--- STUDY MATERIAL Enclosed Below ---

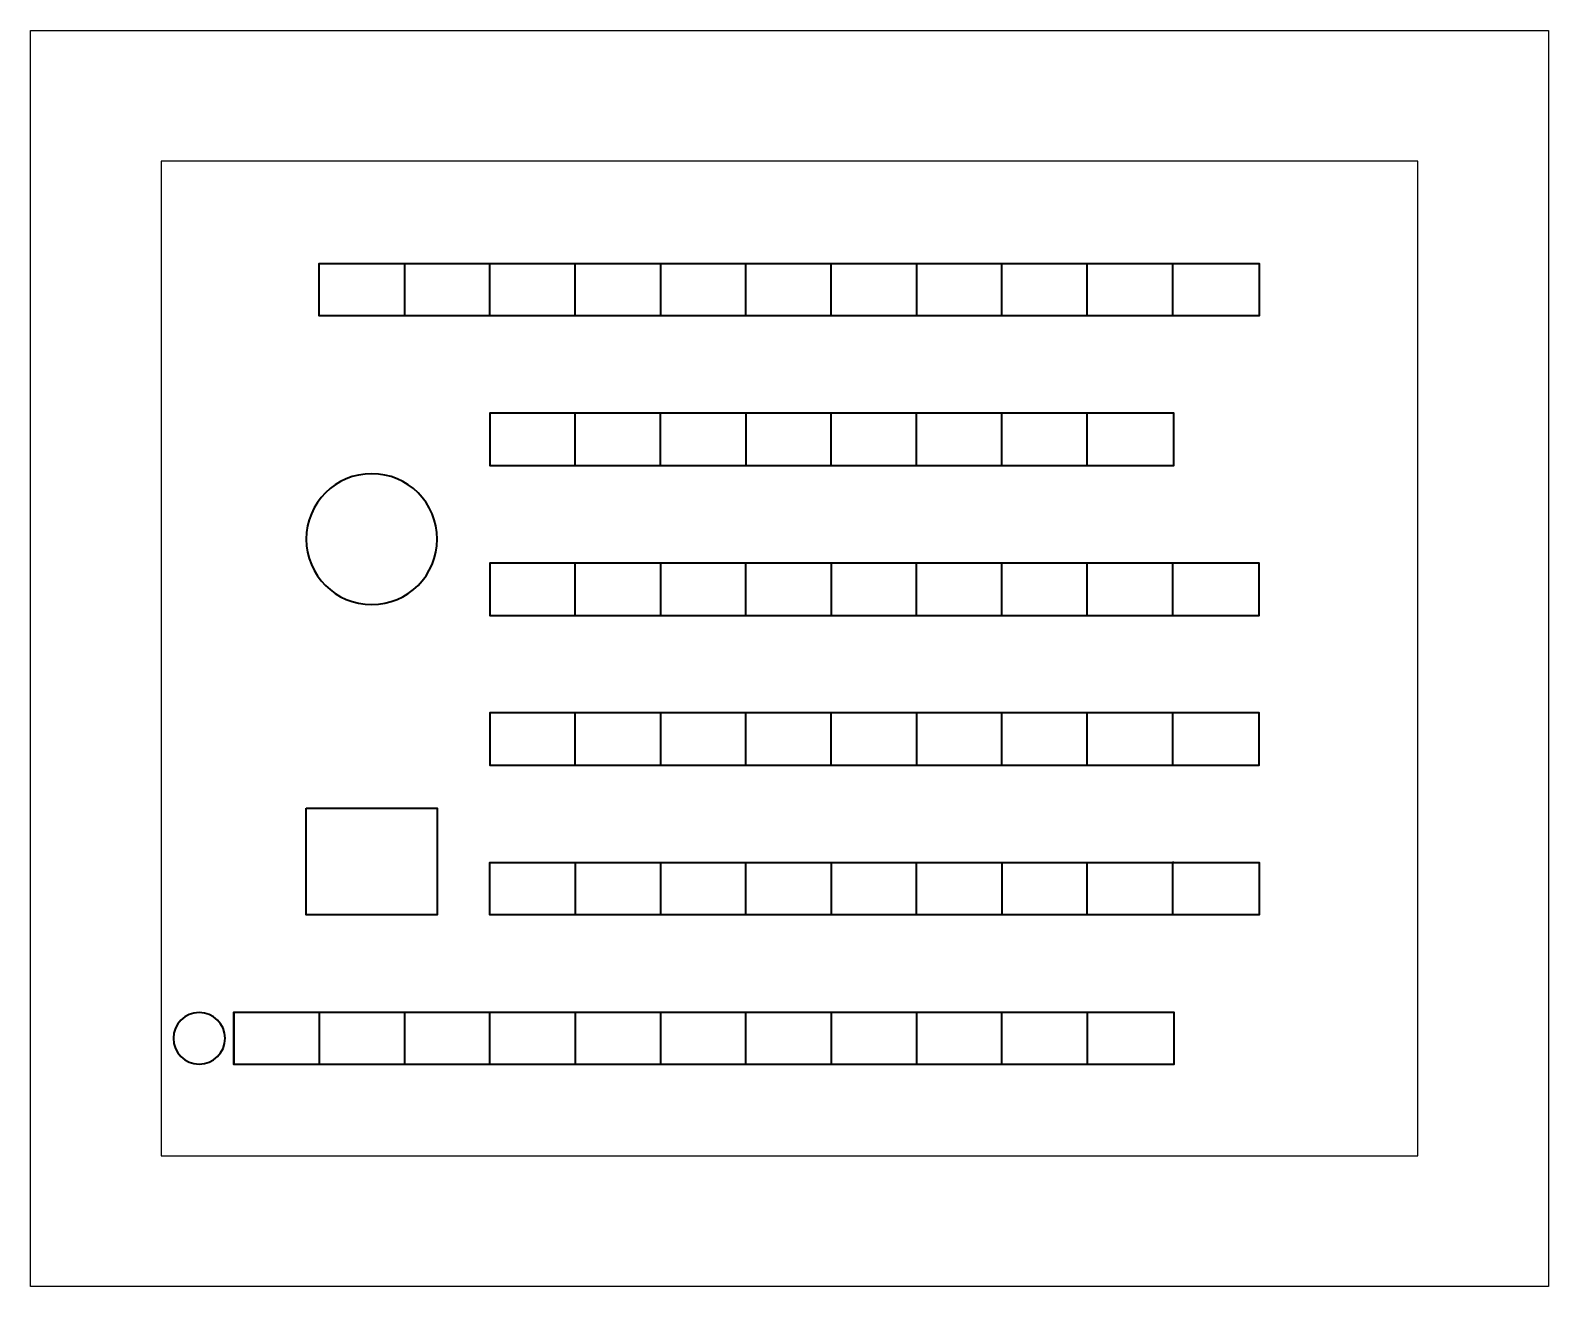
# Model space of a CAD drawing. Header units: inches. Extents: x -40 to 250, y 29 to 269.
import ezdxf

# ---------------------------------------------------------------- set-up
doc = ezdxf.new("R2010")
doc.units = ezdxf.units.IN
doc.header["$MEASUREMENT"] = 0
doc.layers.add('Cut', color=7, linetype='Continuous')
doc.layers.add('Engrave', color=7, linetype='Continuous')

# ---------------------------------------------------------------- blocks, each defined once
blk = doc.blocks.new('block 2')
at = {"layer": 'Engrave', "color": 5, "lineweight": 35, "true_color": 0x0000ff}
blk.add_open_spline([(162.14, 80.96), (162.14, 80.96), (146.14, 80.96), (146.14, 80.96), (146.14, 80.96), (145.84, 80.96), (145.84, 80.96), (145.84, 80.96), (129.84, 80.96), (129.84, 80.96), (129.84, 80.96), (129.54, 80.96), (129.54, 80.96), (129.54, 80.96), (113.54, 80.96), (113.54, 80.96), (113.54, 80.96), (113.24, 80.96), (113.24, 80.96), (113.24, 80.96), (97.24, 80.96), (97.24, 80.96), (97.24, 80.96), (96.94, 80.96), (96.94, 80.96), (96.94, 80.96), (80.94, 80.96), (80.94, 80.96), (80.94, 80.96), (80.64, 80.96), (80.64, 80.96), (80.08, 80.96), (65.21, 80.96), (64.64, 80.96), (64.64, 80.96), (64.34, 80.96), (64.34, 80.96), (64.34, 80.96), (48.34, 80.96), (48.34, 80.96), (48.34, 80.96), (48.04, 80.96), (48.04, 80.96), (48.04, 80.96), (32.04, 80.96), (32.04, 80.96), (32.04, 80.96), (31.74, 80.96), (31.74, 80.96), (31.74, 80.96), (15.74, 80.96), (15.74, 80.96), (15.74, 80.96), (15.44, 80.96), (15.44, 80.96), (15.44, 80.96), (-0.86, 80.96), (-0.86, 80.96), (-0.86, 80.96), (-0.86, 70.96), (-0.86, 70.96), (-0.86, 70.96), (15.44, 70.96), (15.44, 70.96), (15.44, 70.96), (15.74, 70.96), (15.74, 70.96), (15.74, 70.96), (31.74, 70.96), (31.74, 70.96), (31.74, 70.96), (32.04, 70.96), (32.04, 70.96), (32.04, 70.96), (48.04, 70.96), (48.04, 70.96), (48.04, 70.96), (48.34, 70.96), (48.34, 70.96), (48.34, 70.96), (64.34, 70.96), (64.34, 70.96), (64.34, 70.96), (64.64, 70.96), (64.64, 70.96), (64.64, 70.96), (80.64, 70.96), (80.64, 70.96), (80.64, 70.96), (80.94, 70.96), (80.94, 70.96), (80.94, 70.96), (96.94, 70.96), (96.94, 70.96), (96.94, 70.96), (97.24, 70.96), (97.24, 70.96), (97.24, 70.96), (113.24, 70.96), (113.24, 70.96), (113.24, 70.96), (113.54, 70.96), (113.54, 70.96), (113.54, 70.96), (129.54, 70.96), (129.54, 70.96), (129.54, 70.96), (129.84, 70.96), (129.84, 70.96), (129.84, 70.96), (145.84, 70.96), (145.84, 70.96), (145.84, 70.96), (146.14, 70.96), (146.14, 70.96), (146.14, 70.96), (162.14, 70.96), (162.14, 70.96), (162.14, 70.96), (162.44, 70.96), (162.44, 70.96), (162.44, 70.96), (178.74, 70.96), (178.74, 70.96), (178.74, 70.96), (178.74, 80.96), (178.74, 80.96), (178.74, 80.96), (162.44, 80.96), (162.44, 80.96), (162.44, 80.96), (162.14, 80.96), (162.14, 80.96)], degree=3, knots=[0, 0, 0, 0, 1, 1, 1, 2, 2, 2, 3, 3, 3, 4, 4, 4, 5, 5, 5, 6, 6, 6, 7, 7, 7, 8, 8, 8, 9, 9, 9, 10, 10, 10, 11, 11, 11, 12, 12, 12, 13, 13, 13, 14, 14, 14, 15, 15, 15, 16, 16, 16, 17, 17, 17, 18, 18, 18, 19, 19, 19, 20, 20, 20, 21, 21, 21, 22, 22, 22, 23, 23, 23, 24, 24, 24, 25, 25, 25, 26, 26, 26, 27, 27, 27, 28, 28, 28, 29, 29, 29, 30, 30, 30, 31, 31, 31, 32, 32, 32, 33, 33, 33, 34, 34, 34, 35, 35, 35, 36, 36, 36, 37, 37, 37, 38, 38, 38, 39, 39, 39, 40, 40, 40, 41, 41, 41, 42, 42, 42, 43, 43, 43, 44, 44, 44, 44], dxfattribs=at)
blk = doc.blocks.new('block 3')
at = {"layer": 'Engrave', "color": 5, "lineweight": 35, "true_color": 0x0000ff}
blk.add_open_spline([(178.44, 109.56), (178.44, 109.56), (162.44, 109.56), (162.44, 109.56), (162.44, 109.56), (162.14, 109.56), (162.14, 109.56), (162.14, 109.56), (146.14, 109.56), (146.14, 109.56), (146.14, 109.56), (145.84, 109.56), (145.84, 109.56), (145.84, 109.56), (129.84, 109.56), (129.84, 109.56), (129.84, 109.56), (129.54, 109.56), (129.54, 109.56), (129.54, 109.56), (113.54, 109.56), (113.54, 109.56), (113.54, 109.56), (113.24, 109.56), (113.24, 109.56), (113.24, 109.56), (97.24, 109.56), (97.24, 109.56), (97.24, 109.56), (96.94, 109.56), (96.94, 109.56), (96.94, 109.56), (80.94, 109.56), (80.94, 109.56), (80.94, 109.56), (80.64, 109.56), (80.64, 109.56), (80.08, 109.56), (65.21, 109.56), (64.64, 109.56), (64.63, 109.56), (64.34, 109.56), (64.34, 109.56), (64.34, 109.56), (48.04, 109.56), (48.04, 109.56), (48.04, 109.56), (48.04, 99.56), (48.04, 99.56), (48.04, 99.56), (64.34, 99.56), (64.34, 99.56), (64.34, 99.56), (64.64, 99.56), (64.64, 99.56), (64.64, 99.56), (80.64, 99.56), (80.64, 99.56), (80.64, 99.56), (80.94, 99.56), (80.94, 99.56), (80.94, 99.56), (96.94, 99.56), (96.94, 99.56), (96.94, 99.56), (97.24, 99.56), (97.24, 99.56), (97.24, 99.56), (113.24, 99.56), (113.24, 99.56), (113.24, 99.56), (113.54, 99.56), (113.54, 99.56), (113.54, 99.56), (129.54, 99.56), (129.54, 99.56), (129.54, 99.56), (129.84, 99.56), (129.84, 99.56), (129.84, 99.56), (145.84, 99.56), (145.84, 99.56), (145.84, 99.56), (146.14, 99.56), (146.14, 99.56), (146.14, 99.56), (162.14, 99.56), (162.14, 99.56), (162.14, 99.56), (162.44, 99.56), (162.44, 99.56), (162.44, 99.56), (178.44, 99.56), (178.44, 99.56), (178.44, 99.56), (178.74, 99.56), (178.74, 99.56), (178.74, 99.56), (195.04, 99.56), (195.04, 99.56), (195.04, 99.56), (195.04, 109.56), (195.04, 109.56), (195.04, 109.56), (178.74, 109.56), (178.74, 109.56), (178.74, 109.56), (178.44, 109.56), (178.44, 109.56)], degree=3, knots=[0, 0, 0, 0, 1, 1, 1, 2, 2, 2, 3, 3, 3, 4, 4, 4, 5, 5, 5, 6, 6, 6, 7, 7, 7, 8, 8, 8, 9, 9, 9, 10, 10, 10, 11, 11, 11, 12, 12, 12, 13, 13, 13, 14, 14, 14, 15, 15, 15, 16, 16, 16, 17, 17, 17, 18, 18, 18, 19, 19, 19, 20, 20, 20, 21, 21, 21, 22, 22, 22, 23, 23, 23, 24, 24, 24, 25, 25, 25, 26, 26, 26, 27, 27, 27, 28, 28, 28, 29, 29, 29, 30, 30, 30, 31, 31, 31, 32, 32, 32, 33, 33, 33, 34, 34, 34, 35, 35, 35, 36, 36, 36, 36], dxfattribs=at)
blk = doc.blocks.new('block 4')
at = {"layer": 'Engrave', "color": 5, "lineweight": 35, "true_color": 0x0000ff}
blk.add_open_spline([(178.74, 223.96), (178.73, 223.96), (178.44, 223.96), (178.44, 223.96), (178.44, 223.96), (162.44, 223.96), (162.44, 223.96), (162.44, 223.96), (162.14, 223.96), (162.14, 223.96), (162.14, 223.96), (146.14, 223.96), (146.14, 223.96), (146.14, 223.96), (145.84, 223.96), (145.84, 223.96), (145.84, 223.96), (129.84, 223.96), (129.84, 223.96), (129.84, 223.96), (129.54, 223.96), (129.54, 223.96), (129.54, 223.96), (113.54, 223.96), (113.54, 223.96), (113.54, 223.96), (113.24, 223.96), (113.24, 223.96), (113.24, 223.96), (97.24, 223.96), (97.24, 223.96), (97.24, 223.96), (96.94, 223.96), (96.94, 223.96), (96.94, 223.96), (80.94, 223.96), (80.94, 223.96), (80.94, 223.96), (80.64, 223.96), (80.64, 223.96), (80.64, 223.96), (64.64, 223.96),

--- End of Enclosed STUDY MATERIAL ---

Print once more, exactly, the lines that start at the top of the records above and end at the line with "blk = doc.blocks.new('block 2')", skipping all pictures.

▶ **EXPECTED ANSWER**
# Model space of a CAD drawing. Header units: inches. Extents: x -40 to 250, y 29 to 269.
import ezdxf

# ---------------------------------------------------------------- set-up
doc = ezdxf.new("R2010")
doc.units = ezdxf.units.IN
doc.header["$MEASUREMENT"] = 0
doc.layers.add('Cut', color=7, linetype='Continuous')
doc.layers.add('Engrave', color=7, linetype='Continuous')

# ---------------------------------------------------------------- blocks, each defined once
blk = doc.blocks.new('block 2')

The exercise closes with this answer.